Manuka-Honig in der Hautpflege: Was MGO ist, was bei Wunden belegt ist und was davon auf eine normale Creme übertragbar ist — ehrlich einsortiert, ohne Hype.

Honig auf der Haut ist eine uralte Idee — schon im alten Ägypten und in der Antike wurde er auf Wunden und raue Haut gestrichen. Der Manuka-Honig aus Neuseeland hat dieser Tradition eine moderne Geschichte hinzugefügt. Heute steht er auf Cremes, Seifen und Gesichtspflege. Schauen wir uns in Ruhe an, woher er kommt, was ihn besonders macht, wie du Honig selbst nutzen kannst und was die Studien dazu sagen.

Kurz gesagt: Manuka-Honig verdankt seinen besonderen Ruf einem Stoff namens Methylglyoxal (kurz MGO), der Keime hemmen kann. Besonders gut untersucht ist das für medizinischen Honig auf Wunden — eine eigene Produktkategorie, die sich von einer Pflegecreme mit Honig unterscheidet. In Kosmetik ist Honig vor allem ein guter Feuchtigkeitsspender. Dazu ein Service-Hinweis zur Verträglichkeit (Propolis, Pollen) am Ende.

Was ist Manuka-Honig?

Manuka-Honig ist Honig von Bienen, die den Nektar des Manukastrauchs (botanisch Leptospermum scoparium) sammeln — eine Pflanze, die vor allem in Neuseeland und Australien wächst. So weit, so normal. Das Besondere kommt erst danach.

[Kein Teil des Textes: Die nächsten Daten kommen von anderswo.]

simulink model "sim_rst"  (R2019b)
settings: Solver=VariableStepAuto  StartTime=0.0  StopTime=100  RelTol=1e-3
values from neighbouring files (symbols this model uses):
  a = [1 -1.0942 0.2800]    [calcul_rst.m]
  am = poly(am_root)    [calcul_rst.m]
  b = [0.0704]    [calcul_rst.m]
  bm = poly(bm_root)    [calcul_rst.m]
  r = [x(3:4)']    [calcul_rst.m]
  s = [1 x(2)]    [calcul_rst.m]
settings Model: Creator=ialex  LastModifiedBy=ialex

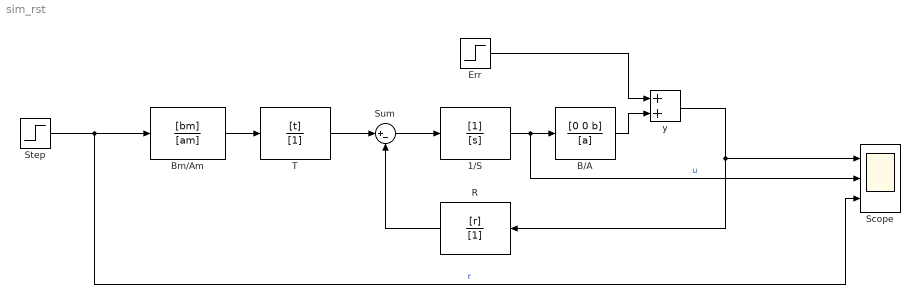
== system sim_rst ==
  1/S : DiscreteFilter  Denominator=[s]  FilterStructure=Direct form I
  B/A : DiscreteFilter  Numerator=[0 0 b]  Denominator=[a]  FilterStructure=Direct form I
  Bm/Am : DiscreteFilter  Numerator=[bm]  Denominator=[am]  FilterStructure=Direct form I
  Err : Step  Time=50  After=0.25  SampleTime=0
  R : DiscreteFilter  Numerator=[r]  Denominator=[1]  FilterStructure=Direct form I
  Scope : Scope  NumInputPorts=3
  Step : Step  SampleTime=0
  Sum : Sum  Inputs=|+-
  T : DiscreteFilter  Numerator=[t]  Denominator=[1]  FilterStructure=Direct form I
  y : Sum
  wires:
  Bm/Am/1 -> T/1
  T/1 -> Sum/1
  Sum/1 -> 1/S/1
  R/1 -> Sum/2
  B/A/1 -> y/2
  y/1 -> Scope/1, R/1
  Err/1 -> y/1
  1/S/1 -> Scope/2, B/A/1  "u"
  Step/1 -> Scope/3, Bm/Am/1  "r"
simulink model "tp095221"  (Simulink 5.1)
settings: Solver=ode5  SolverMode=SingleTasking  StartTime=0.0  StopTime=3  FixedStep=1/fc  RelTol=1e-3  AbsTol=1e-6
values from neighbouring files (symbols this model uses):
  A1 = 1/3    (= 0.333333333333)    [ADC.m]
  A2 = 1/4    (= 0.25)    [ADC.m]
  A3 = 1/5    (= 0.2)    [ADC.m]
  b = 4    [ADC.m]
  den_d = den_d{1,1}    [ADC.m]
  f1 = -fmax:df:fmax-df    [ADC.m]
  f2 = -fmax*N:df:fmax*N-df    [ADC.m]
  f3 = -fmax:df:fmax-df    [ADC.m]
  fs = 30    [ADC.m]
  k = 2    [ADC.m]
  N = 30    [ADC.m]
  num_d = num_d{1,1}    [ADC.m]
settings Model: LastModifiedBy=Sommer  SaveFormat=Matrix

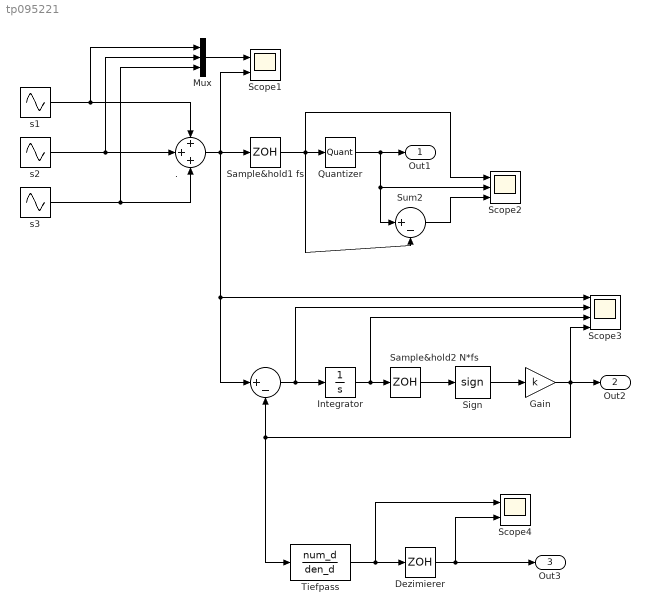
== system tp095221 ==
  " " : Sum  Inputs=|+-  SaturateOnIntegerOverflow=on
  . : Sum  Inputs=+++  SaturateOnIntegerOverflow=on
  Dezimierer : ZeroOrderHold  SampleTime=1/fs
  Gain : Gain  Gain=k  SaturateOnIntegerOverflow=on
  Integrator : Integrator  ExternalReset=none  InitialConditionSource=internal  InitialCondition=0  LimitOutput=off  UpperSaturationLimit=inf  LowerSaturationLimit=-inf  ShowSaturationPort=off  ShowStatePort=off  AbsoluteTolerance=auto
  Mux : Mux  Inputs=3
  Quantizer : Quantizer  QuantizationInterval=1/2^(b-1)
  Sample&hold1 fs : ZeroOrderHold  SampleTime=1/fs
  Sample&hold2 N*fs : ZeroOrderHold  SampleTime=1/(N*fs)
  Scope1 : Scope  NumInputPorts=2
      settings: TickLabels=on  TimeRange=3  YMin=-0.4~-0.8  YMax=0.4~0.8  SaveToWorkspace=off  SaveName=ScopeData  DataFormat=Matrix
  Scope2 : Scope  NumInputPorts=3
      settings: TickLabels=on  TimeRange=3  YMin=-0.8~-0.8~-0.06  YMax=0.8~0.8~0.06  SaveToWorkspace=off
  Scope3 : Scope  NumInputPorts=4
      settings: TickLabels=on  TimeRange=3  YMin=-1~-4~-0.005~-4  YMax=1~4~0.005~4  SaveToWorkspace=off  SaveName=ScopeData  DataFormat=Matrix
  Scope4 : Scope  NumInputPorts=2
      settings: TickLabels=on  TimeRange=3  YMin=-1~-1  YMax=1~1  SaveToWorkspace=off  SaveName=ScopeData  DataFormat=Matrix
  Sign : Signum
  Sum2 : Sum  Inputs=|+-  SaturateOnIntegerOverflow=on
  Tiefpass : DiscreteTransferFcn  Numerator=num_d  Denominator=den_d  SampleTime=-1
  s1 : Sin  Amplitude=A1  Frequency=2*pi*f1  Phase=0  SampleTime=0
  s2 : Sin  Amplitude=A2  Frequency=2*pi*f2  Phase=0  SampleTime=0
  s3 : Sin  Amplitude=A3  Frequency=2*pi*f3  Phase=0  SampleTime=0
  Out1 : Outport  Port=1
  Out2 : Outport  Port=2
  Out3 : Outport  Port=3
  wires:
  s1/1 -> Mux/1, ./1
  Quantizer/1 -> Out1/1, Sum2/1, Scope2/2
  Gain/1 -> Out2/1, " "/2, Tiefpass/1, Scope3/4
  " "/1 -> Integrator/1, Scope3/2
  Sum2/1 -> Scope2/3
  s3/1 -> Mux/3, ./3
  Integrator/1 -> Sample&hold2 N*fs/1, Scope3/3
  Sample&hold2 N*fs/1 -> Sign/1
  Sign/1 -> Gain/1
  Sample&hold1 fs/1 -> Sum2/2, Quantizer/1, Scope2/1
  Tiefpass/1 -> Dezimierer/1, Scope4/1
  Dezimierer/1 -> Out3/1, Scope4/2
  s2/1 -> ./2, Mux/2
  Mux/1 -> Scope1/1
  ./1 -> Sample&hold1 fs/1, Scope1/2, " "/1, Scope3/1

Im Nektar dieser Pflanze steckt ein Vorläuferstoff. Während der Honig reift, wandelt er sich langsam in Methylglyoxal um — kurz MGO (der Vorläufer heißt, für Neugierige, Dihydroxyaceton). Das ist der Stoff, um den sich der ganze Wirbel dreht. MGO kann Keime hemmen — das ist im Labor gut nachweisbar.

Der Clou: Fast jeder Honig wirkt ein bisschen keimhemmend. Bei den meisten passiert das über Wasserstoffperoxid — denselben Stoff, der auch in Wunddesinfektionsmitteln steckt. Dieser Effekt ist aber empfindlich und zerfällt schnell wieder. Das MGO im Manuka-Honig ist robuster und bleibt aktiv, wenn das Wasserstoffperoxid längst weg ist. Genau deshalb hebt sich Manuka von gewöhnlichem Honig ab.

Was bedeuten MGO und UMF auf dem Etikett?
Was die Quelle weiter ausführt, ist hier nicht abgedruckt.